* [What is needed]: Scan the records below for the word "construction". Copy each line where it appears.

* [Dataset records]:
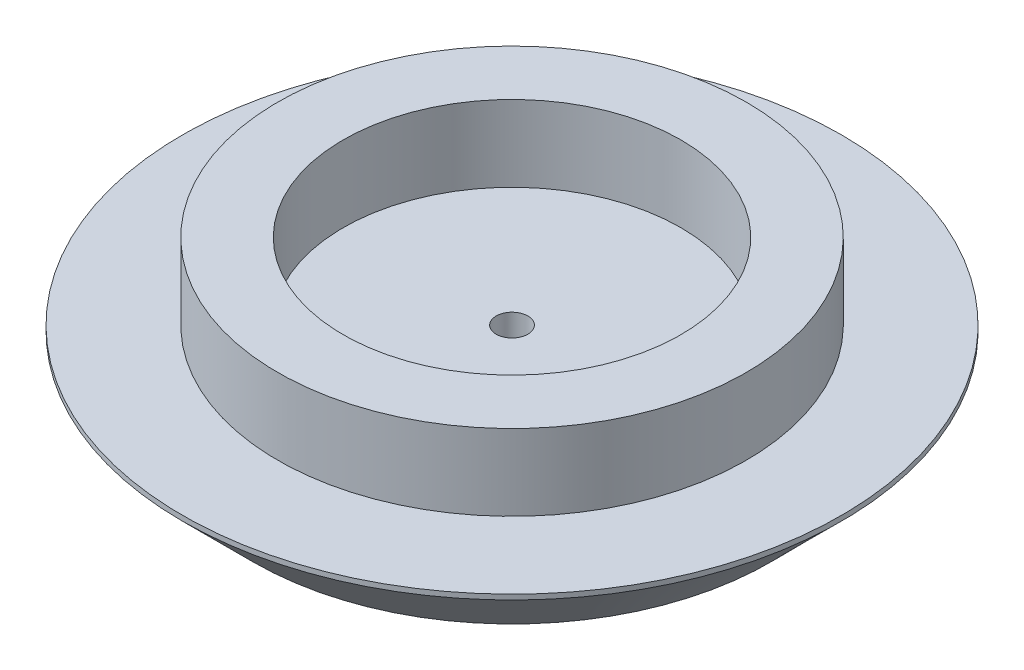
SolidWorks part; units mm, degrees
ref_plane "Front Plane" through (0, 0, 0) normal (0, 0, 1) x (1, 0, 0)
ref_plane "Top Plane" through (0, 0, 0) normal (0, 1, 0) x (1, 0, 0)
ref_plane "Right Plane" through (0, 0, 0) normal (1, 0, 0) x (0, 0, -1)
sketch "Sketch1" plane through (0, 0, 0) normal (0, 0, 1) x (1, 0, 0)
  line L0 (-29.337, 0) -> (-41.275, 0)
  line L1 (-29.337, 0) -> (-29.337, 9.525)
  line L2 (-29.337, 9.525) -> (-21.1455, 9.525)
  line L3 (-21.1455, 9.525) -> (-21.1455, 0)
  line L4 (-21.1455, 0) -> (0, 0)
  line L5 (-41.275, 0) -> (-41.275, -9.525)
  line L6 (-41.275, -9.525) -> (0, -9.525)
  line L7 (0, -9.525) -> (0, 0)
  dimension "D1" = 9.525
  dimension "D2" = 9.525
  dimension "D3" = 21.1455
  dimension "D4" = 29.337
  dimension "D5" = 41.275
revolve "Revolve1" add sketch "Sketch1" angle 360 about L7
chamfer "Chamfer1" distance 8.89 angle 45 1 edges at (0, -9.525, -41.275)
sketch "Sketch9" plane through (0, -9.525, 0) normal (0, -1, 0) x (1, 0, 0)
  line L0 (0, 0) -> (0, 32.385) construction
  circle A0 centre (0, 0) radius 32.385 construction
hole_wizard "5/32 (0.15625) Diameter Hole1" positions "3DSketch5" profile "Sketch11" hole size "5/32" standard "Ansi Inch" end condition up to next
sketch3d "3DSketch5"
  point P0 (0, -9.525, 0)
sketch "Sketch11" plane through (0, -9.525, 0) normal (1, 0, 0) x (0, 0, -1)
  line L0 (0, 0) -> (0, 9.525)
  line L1 (0, 9.525) -> (1.9844, 9.525)
  line L2 (1.9844, 9.525) -> (1.9844, 0)
  line L5 (1.9844, 0) -> (0, 0)
  line L11 (0, -6.35) -> (0, 107.95) construction
  dimension "Thru Hole Dia." = 3.9688
  dimension "Thru Hole Depth" = 9.525

* [Response area]:
  line L0 (0, 0) -> (0, 32.385) construction
  circle A0 centre (0, 0) radius 32.385 construction
  line L11 (0, -6.35) -> (0, 107.95) construction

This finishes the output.